[Data extracted from a collection]

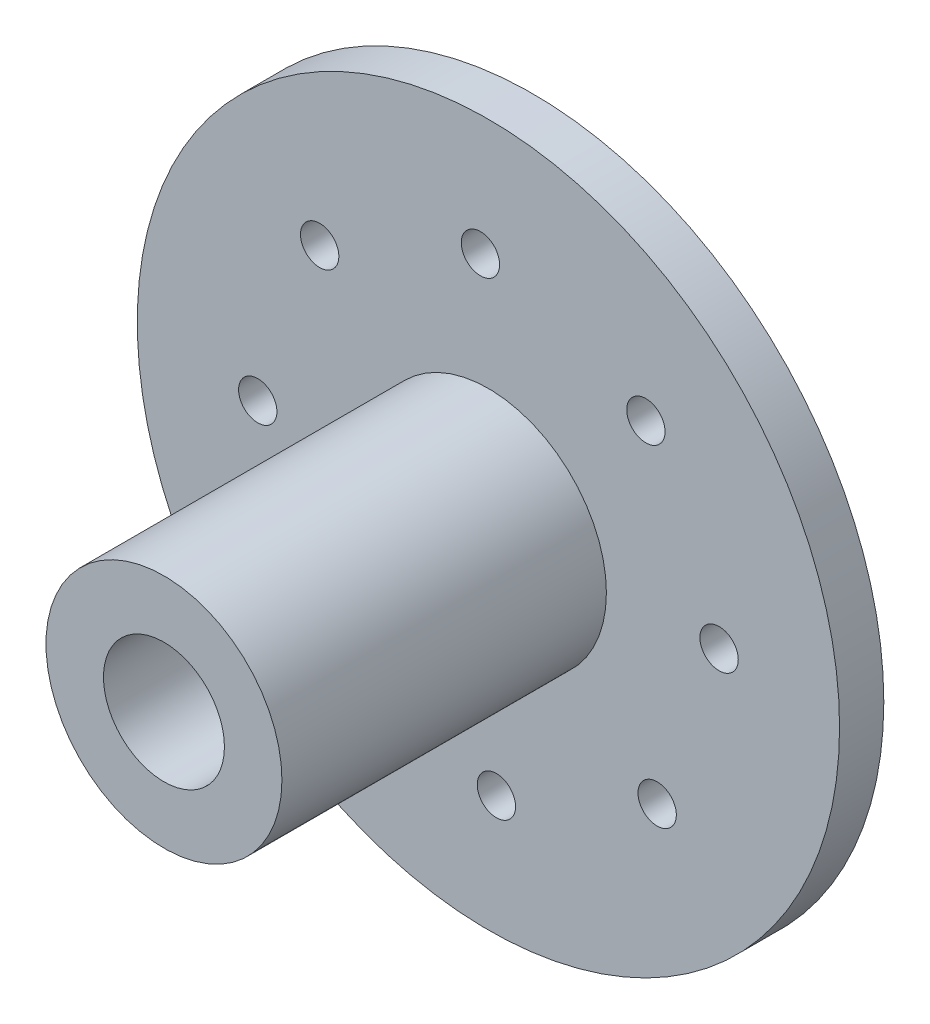
from build123d import *

# Parameters (mm, degrees)
ESQUISSE1_R             = 23.81
BOSS_EXTRU_1_DEPTH      = 3
ESQUISSE2_R             = 8
BOSS_EXTRU_2_DEPTH      = 22
ESQUISSE3_R             = 1.3
ENL_V_MAT_EXTRU_1_DEPTH = 24
ESQUISSE4_R             = 4.1
ENL_V_MAT_EXTRU_2_DEPTH = 18.5
ESQUISSE5_R             = 0.4
ENL_V_MAT_EXTRU_3_DEPTH = 10
ENL_V_START             = -1
ESQUISSE6_R             = 4.1
ENL_V_MAT_EXTRU_4_DEPTH = 1


with BuildPart() as part:
    # Esquisse1 → Boss.-Extru.1 (new body)
    with BuildSketch(Plane.XY):
        Circle(ESQUISSE1_R)
    extrude(amount=BOSS_EXTRU_1_DEPTH)

    # Esquisse2 → Boss.-Extru.2 (add)
    with BuildSketch(Plane.XY.offset(3)):
        Circle(ESQUISSE2_R)
    extrude(amount=BOSS_EXTRU_2_DEPTH)

    # Esquisse3 → Enlèv. mat.-Extru.1 (cut)
    with BuildSketch(Plane.XY.offset(3)):
        with Locations((-11.442120986, 10.677095455)):
            Circle(ESQUISSE3_R)
        with Locations((-0.540954741, 15.64064794)):
            Circle(ESQUISSE3_R)
        with Locations((10.677095455, 11.442120986)):
            Circle(ESQUISSE3_R)
        with Locations((15.64064794, 0.540954741)):
            Circle(ESQUISSE3_R)
        with Locations((11.442120986, -10.677095455)):
            Circle(ESQUISSE3_R)
        with Locations((0.540954741, -15.64064794)):
            Circle(ESQUISSE3_R)
        with Locations((-10.677095455, -11.442120986)):
            Circle(ESQUISSE3_R)
        with Locations((-15.64064794, -0.540954741)):
            Circle(ESQUISSE3_R)
    extrude(amount=-ENL_V_MAT_EXTRU_1_DEPTH, mode=Mode.SUBTRACT)

    # Esquisse4 → Enlèv. mat.-Extru.2 (cut)
    with BuildSketch(Plane.XY.offset(25)):
        Circle(ESQUISSE4_R)
    extrude(amount=-ENL_V_MAT_EXTRU_2_DEPTH, mode=Mode.SUBTRACT)

    # Esquisse5 → Enlèv. mat.-Extru.3 (cut)
    with BuildSketch(Plane(origin=(0, 0, 0), x_dir=(-1, 0, 0), z_dir=(0, 0, -1))):
        Circle(ESQUISSE5_R)
    extrude(amount=-ENL_V_MAT_EXTRU_3_DEPTH, mode=Mode.SUBTRACT)

    # Esquisse6 → Enlèv. mat.-Extru.4 (cut)
    with BuildSketch(Plane(origin=(0, 0, 0), x_dir=(-1, 0, 0), z_dir=(0, 0, -1)).offset(ENL_V_START)):
        with Locations(Location((0, 0, 0), (0, 0, 180))):
            Circle(ESQUISSE6_R)
    extrude(amount=ENL_V_MAT_EXTRU_4_DEPTH, mode=Mode.SUBTRACT)


solid = part.part

Aim of the task:
Omit every picture while transcribing the records above exactly.

Answer to the exercise:
from build123d import *

# Parameters (mm, degrees)
ESQUISSE1_R             = 23.81
BOSS_EXTRU_1_DEPTH      = 3
ESQUISSE2_R             = 8
BOSS_EXTRU_2_DEPTH      = 22
ESQUISSE3_R             = 1.3
ENL_V_MAT_EXTRU_1_DEPTH = 24
ESQUISSE4_R             = 4.1
ENL_V_MAT_EXTRU_2_DEPTH = 18.5
ESQUISSE5_R             = 0.4
ENL_V_MAT_EXTRU_3_DEPTH = 10
ENL_V_START             = -1
ESQUISSE6_R             = 4.1
ENL_V_MAT_EXTRU_4_DEPTH = 1


with BuildPart() as part:
    # Esquisse1 → Boss.-Extru.1 (new body)
    with BuildSketch(Plane.XY):
        Circle(ESQUISSE1_R)
    extrude(amount=BOSS_EXTRU_1_DEPTH)

    # Esquisse2 → Boss.-Extru.2 (add)
    with BuildSketch(Plane.XY.offset(3)):
        Circle(ESQUISSE2_R)
    extrude(amount=BOSS_EXTRU_2_DEPTH)

    # Esquisse3 → Enlèv. mat.-Extru.1 (cut)
    with BuildSketch(Plane.XY.offset(3)):
        with Locations((-11.442120986, 10.677095455)):
            Circle(ESQUISSE3_R)
        with Locations((-0.540954741, 15.64064794)):
            Circle(ESQUISSE3_R)
        with Locations((10.677095455, 11.442120986)):
            Circle(ESQUISSE3_R)
        with Locations((15.64064794, 0.540954741)):
            Circle(ESQUISSE3_R)
        with Locations((11.442120986, -10.677095455)):
            Circle(ESQUISSE3_R)
        with Locations((0.540954741, -15.64064794)):
            Circle(ESQUISSE3_R)
        with Locations((-10.677095455, -11.442120986)):
            Circle(ESQUISSE3_R)
        with Locations((-15.64064794, -0.540954741)):
            Circle(ESQUISSE3_R)
    extrude(amount=-ENL_V_MAT_EXTRU_1_DEPTH, mode=Mode.SUBTRACT)

    # Esquisse4 → Enlèv. mat.-Extru.2 (cut)
    with BuildSketch(Plane.XY.offset(25)):
        Circle(ESQUISSE4_R)
    extrude(amount=-ENL_V_MAT_EXTRU_2_DEPTH, mode=Mode.SUBTRACT)

    # Esquisse5 → Enlèv. mat.-Extru.3 (cut)
    with BuildSketch(Plane(origin=(0, 0, 0), x_dir=(-1, 0, 0), z_dir=(0, 0, -1))):
        Circle(ESQUISSE5_R)
    extrude(amount=-ENL_V_MAT_EXTRU_3_DEPTH, mode=Mode.SUBTRACT)

    # Esquisse6 → Enlèv. mat.-Extru.4 (cut)
    with BuildSketch(Plane(origin=(0, 0, 0), x_dir=(-1, 0, 0), z_dir=(0, 0, -1)).offset(ENL_V_START)):
        with Locations(Location((0, 0, 0), (0, 0, 180))):
            Circle(ESQUISSE6_R)
    extrude(amount=ENL_V_MAT_EXTRU_4_DEPTH, mode=Mode.SUBTRACT)


solid = part.part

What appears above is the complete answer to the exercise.